The TensorFlow official website provides the model code and training data of a Deep Convolutional Neural Network (DCNN), that is, CIFAR-10. CIFAR-10 is a simplified image classification model. It classifies images across 10 categories: airplane, automobile, bird, cat, deer, dog, frog, horse, ship, and truck. The images trained in the model, also called training data, are of these 10 categories.

  1. On the CCI console, click the workload name. In the Pod List area of the workload details page, click the arrow icon at the left of the pod and then click the CLI tab. Then, use cifar10_eval.py provided in the code to check the accuracy of the model.
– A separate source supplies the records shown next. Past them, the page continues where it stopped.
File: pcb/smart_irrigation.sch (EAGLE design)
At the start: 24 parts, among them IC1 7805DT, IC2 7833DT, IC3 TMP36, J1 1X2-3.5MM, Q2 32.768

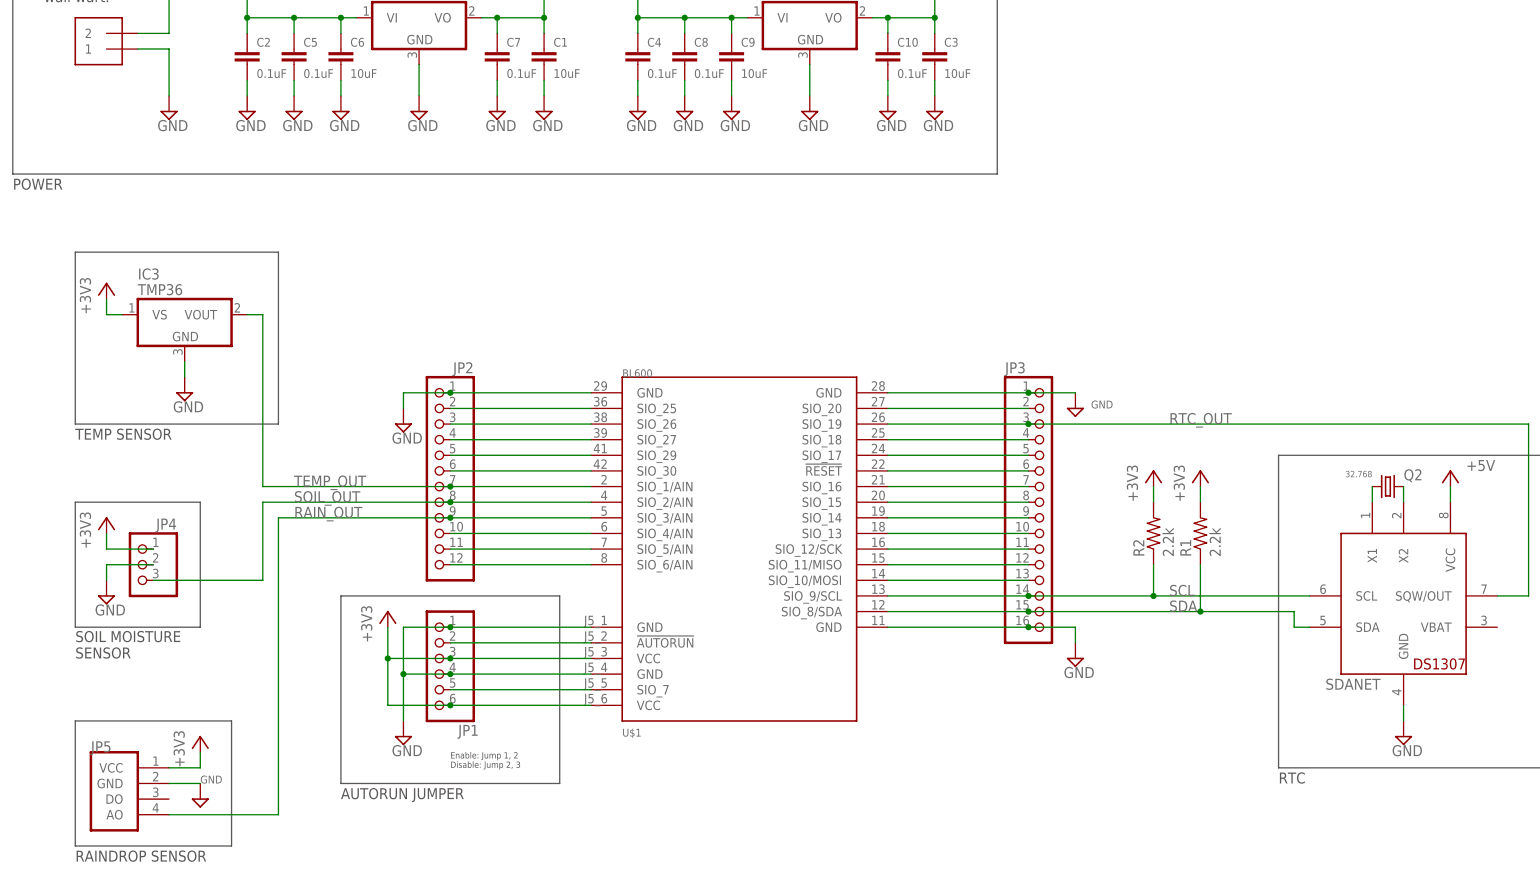
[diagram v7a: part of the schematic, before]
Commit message: PCB: Add caps across BL600 power input
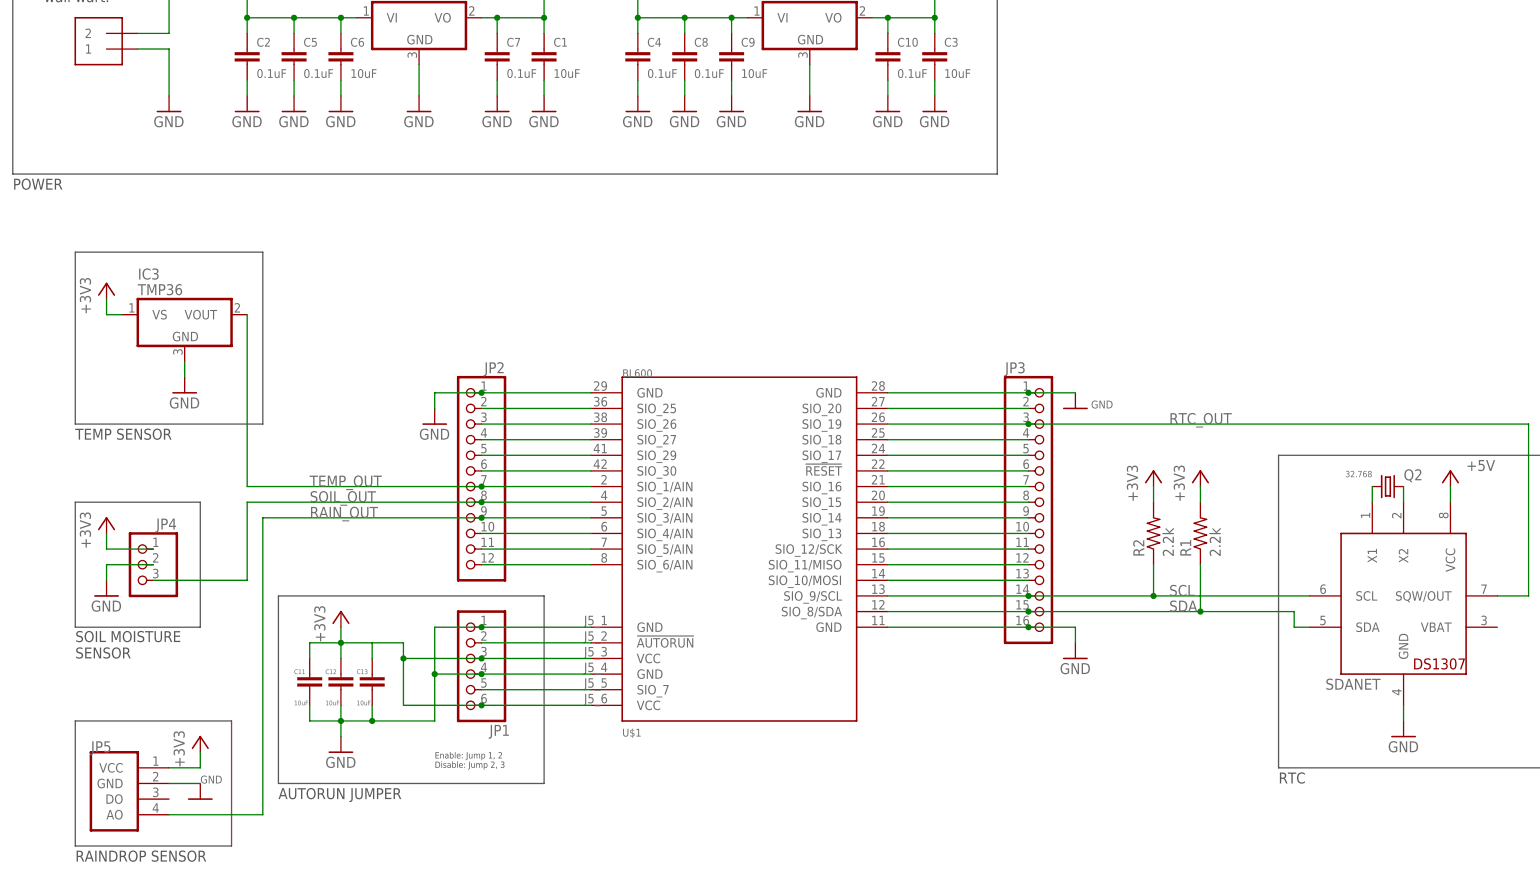
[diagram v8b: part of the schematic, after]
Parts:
- added C11, C12, C13: 10uF, rcl:C-EUC0805
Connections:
- net +3V3: now also C11.1, C12.1, C13.1
- net GND: now also C11.2, C12.2, C13.2
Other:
- moved on the sheet: JP1, JP2

In the following command, set the checkpoint_dir field to the directory where the model that has just been trained is located.

    # cd /home/project/gpu-demo/cifar10
    # python cifar10_eval.py --data_dir=data --checkpoint_dir=/tmp/sfs0/train_data --run_once
    ...
    2019-01-02 08:25:43.914186: precision @1 = 0.817

  2. Continue to use the preceding airplane image for testing. In the following command, set the checkpoint_dir field to the directory where the model that has just been trained is located and the test_file field to the image to be tested.

    # python label_image.py --checkpoint_dir=/tmp/sfs0/train_data --test_file=/home/project/gpu-demo/airplane.jpg
     ...
    2019-01-02 08:36:42.149700: I tensorflow/core/common_runtime/gpu/gpu_device.cc:1084] Created TensorFlow device (/job:localhost/replica:0/task:0/device:GPU:0 with 15131 MB memory) -> physical GPU (device: 0, name: Tesla P100-PCIE-16GB, pci bus id: 0000:00:0a.0, compute capability: 6.0)                                   
    airplane (score = 4.28143)                                                      
    ship (score = 1.92319)                                                          
    cat (score = 0.03095)

    The result shows that the model accurately recognizes the image as an airplane. label_image.py is the code that uses the model that has just been trained to classify the image.

    In addition, you can view the usage of various resources on the Monitoring tab page in the Pod List area.